The system's matrices tune the system's output behavior (e.g. air pressure) as a result of the states and inputs. Behavior can quickly get very complex, much more
complex than simple oscillators can produce. For an oscillator based synthesizer, many additions are usually added to approach the complexity needed to model real
world instruments: filters, envelopes, low-frequency modulators, post-processing plugins, etc., whereas a state-based model can already include all kinds of
behavior built-in. There are quite a few modern synthesizers that use this approach already, but the 80's style stayed away due to the real-time computing
requirements (hundreds or even thousands of calculations for a single sample at 44.1k samples per second).
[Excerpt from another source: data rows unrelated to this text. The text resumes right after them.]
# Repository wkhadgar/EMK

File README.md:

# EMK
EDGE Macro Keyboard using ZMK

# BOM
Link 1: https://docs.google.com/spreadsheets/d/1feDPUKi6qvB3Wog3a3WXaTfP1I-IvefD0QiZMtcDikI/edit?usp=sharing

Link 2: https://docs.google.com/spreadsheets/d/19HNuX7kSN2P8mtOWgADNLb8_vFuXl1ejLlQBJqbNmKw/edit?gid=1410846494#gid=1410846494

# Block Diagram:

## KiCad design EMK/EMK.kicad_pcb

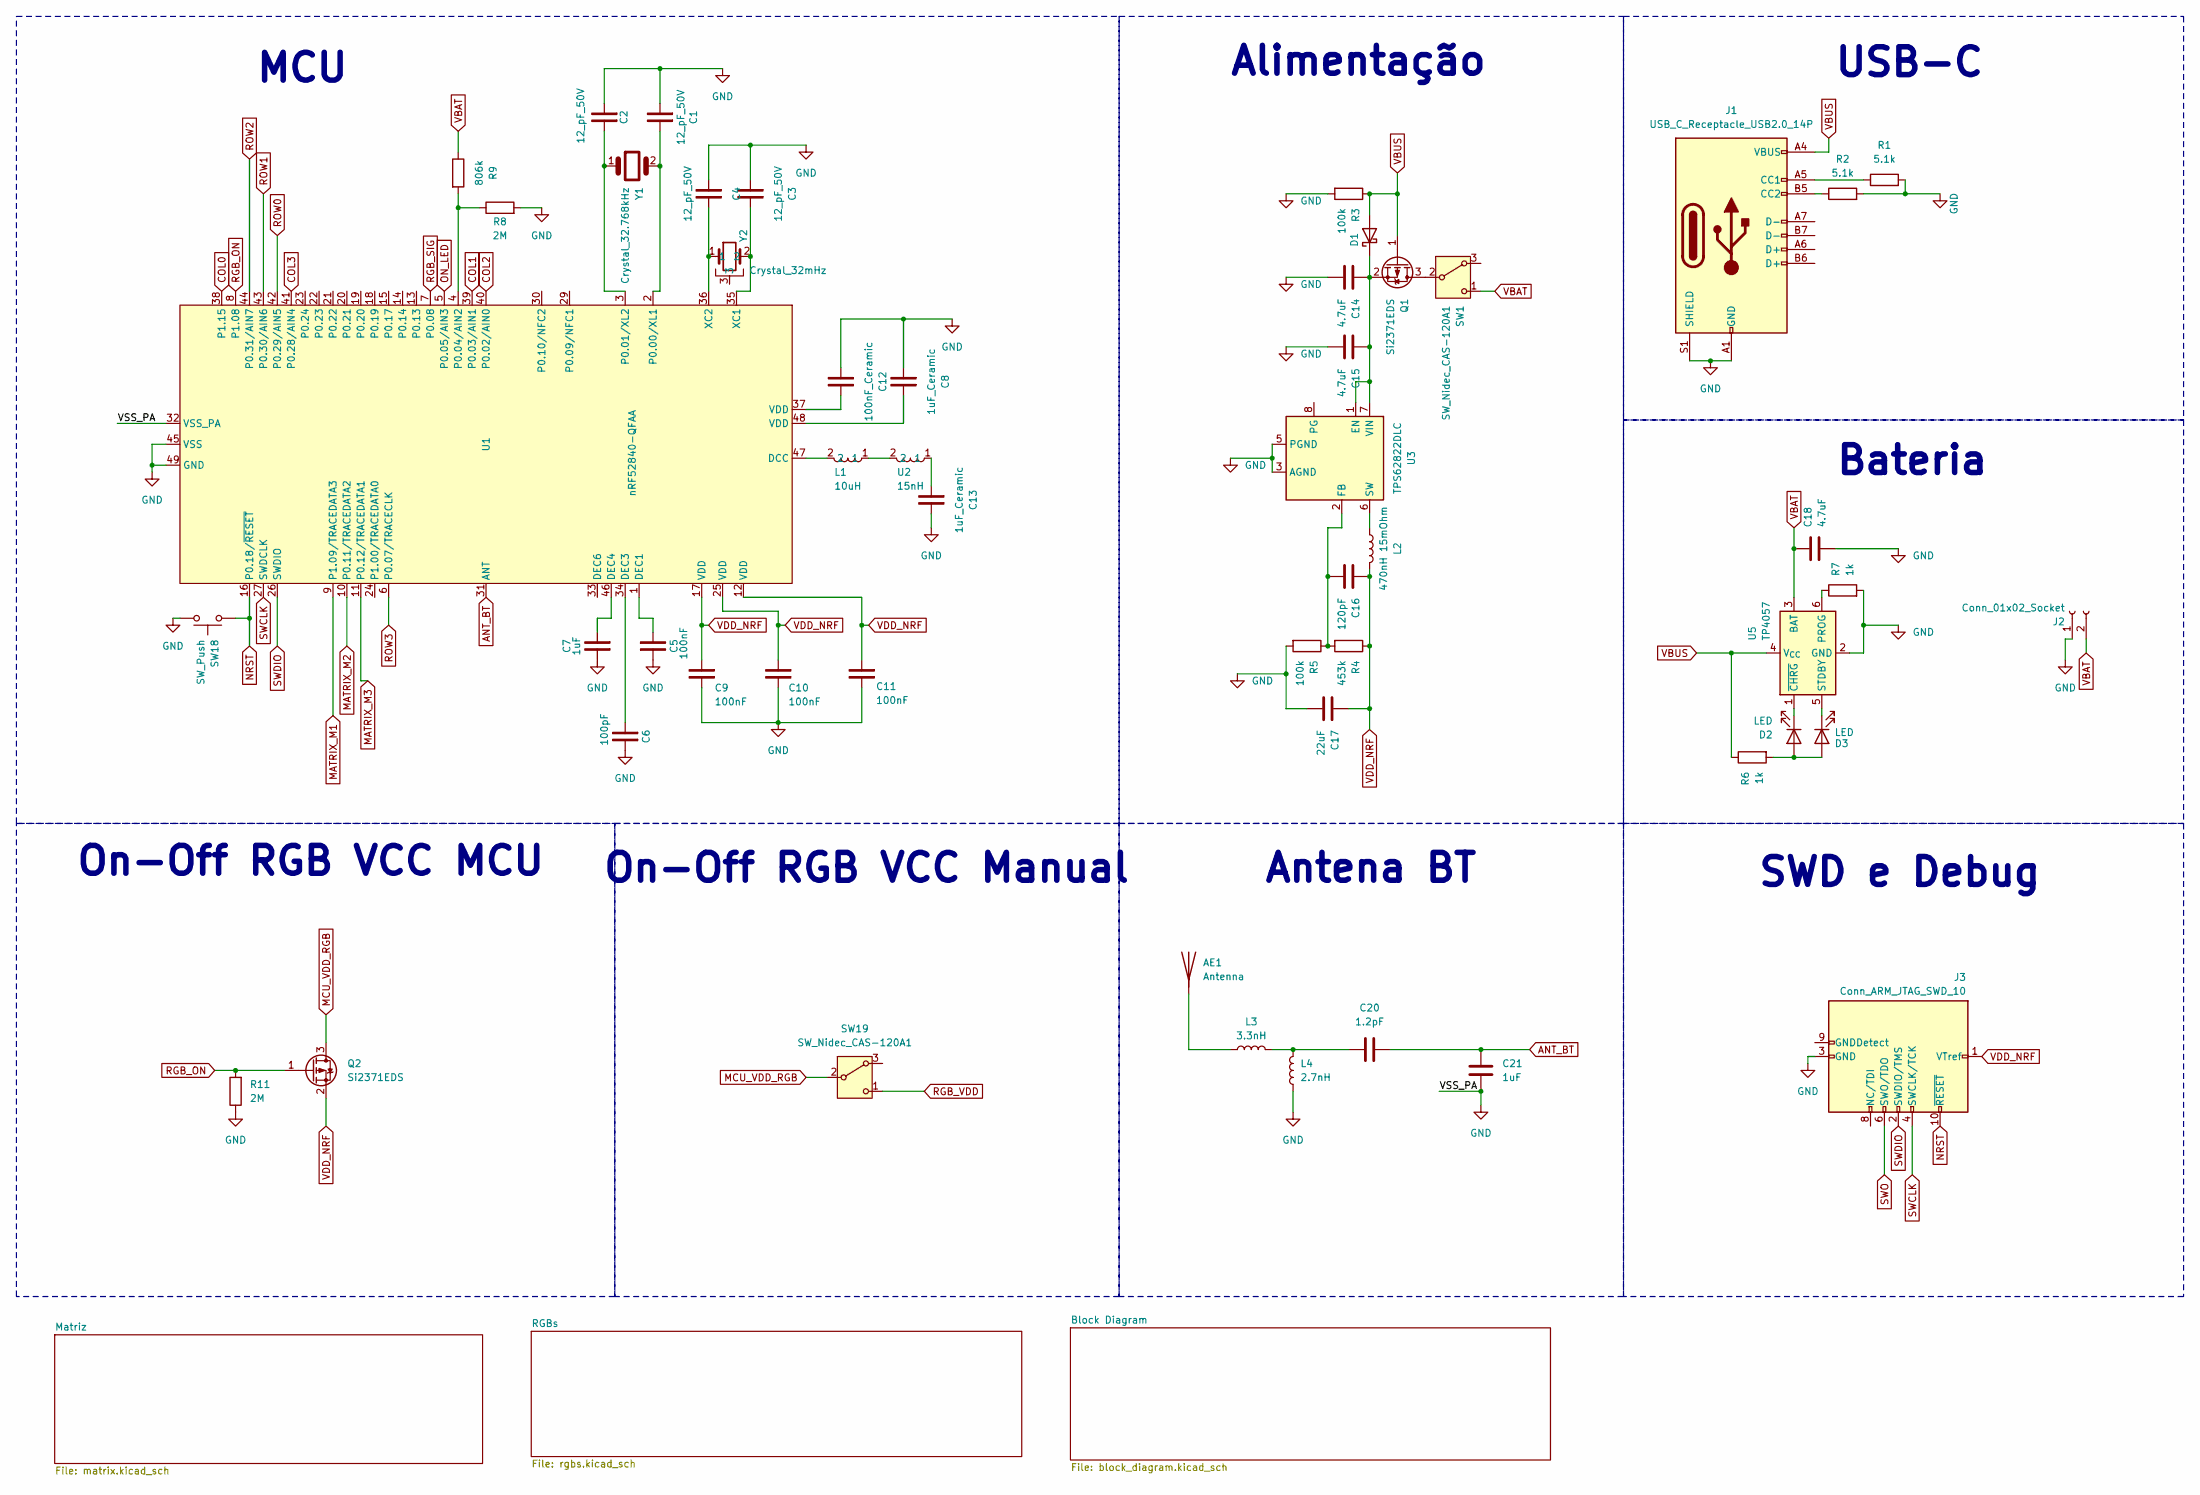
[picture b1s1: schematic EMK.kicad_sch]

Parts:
AE1: Antenna; Johanson_2450AT18x100
C1, C2, C3, C4: 12_pF_50V; C_0603_1608Metric
C5, C9, C10, C11: 100nF; C_0603_1608Metric
C6: 100pF; C_0603_1608Metric
C7: 1uF; C_0402_1005Metric
C8, C13: 1uF_Ceramic; C_0603_1608Metric
C12: 100nF_Ceramic; C_0603_1608Metric
C14, C15, C18: 4.7uF; C_0603_1608Metric
C16: 120pF; C_0603_1608Metric
C17: 22uF; C_0603_1608Metric
C20: 1.2pF; C_0402_1005Metric
C21: 1uF; C_0603_1608Metric
D1: D_Schottky; D_0805_2012Metric
D2, D3: LED; LED_0603_1608Metric
J1: USB_C_Receptacle_USB2.0_14P; USB_C_Receptacle_XKB_U262-16XN-4BVC11
J2: Conn_01x02_Socket; PinHeader_1x02_P2.54mm_Horizontal
J3: Conn_ARM_JTAG_SWD_10; ARM_SWD_SMD_TH
L1: 10uH; L_0603_1608Metric
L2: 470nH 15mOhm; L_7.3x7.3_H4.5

Hopefully, at the bare minimum, this synthesizer aims
to produce somewhat well-sounding instruments and music performance.
## Development plan:
- [ ] Build & project setup, get working hello-world program.
- [ ] QML hello-world program: basic increment/reset counter
- [ ] RtAudio hello-world: basic sine output
- [ ] Connect UI control to sound output, add a slider for frequency control
- [ ] Add note control a keyboard. Coordinate on-off events to
start and stop tone generation
- [ ] Add note control via a MIDI interface using RtMidi. Ideally should be able to connect
to external midi controllers/apps (like musescore)
- [ ] Create a UI scope to visualize the synthesized composite waveform
- [ ] Check cross-platform combatibility for Windows & Linux, especially MIDI interfacing
- [ ] Checkpoint at a rudimentary keyboard instrument producing a basic sine output
- [ ] Will flesh out future goals when I do the math on how complicated implementing
state-space modelling in c++ is
## Build Instructions
Prerequisites:
CMake: https://cmake.org/download/ \
QtWidgets: https://www.qt.io/development/download-qt-installer-oss
Compiler that supports C++20. Builds have been tested with GCC12 & MSVC17
Clone repository
```PowerShell
git clone https://git.vxbard.net/homeburger/sonobulus.git
git clone --recurse-submodules https://git.vxbard.net/homeburger/sonobulus.git # if there's submodules
git submodule update --init --recursive # if you cloned without submodules and need them
```
Build:
```PowerShell
# configure
> cmake -S . -B build
# build
> cmake --build build -j
```
Execute:
```Powershell
> .\build\Debug\sonobulus.exe
> .\build\Release\sonobulus.exe
```
```bash
$ ./build/sonobulus
```
## Configurations
There is a plan eventually to use config files so app behavior can be tweaked without needing to recompile. Will flesh out more once more of the app's structure takes shape.
## Instrument Profiles
Later into the app's development I have this vision: the state-space model of an instrument can be saved to a file. The app can allow parameter tweaking and re-saving of an instruments matrices.
Far far into the future there may be a dynamic process for constructing your own instrument models and a way for the app to load and play those instruments. At the end of the day, a state-space
model is just a set of 2 n-dimensional matrix equations and a profile would only need to be able to represent each element in the matrices.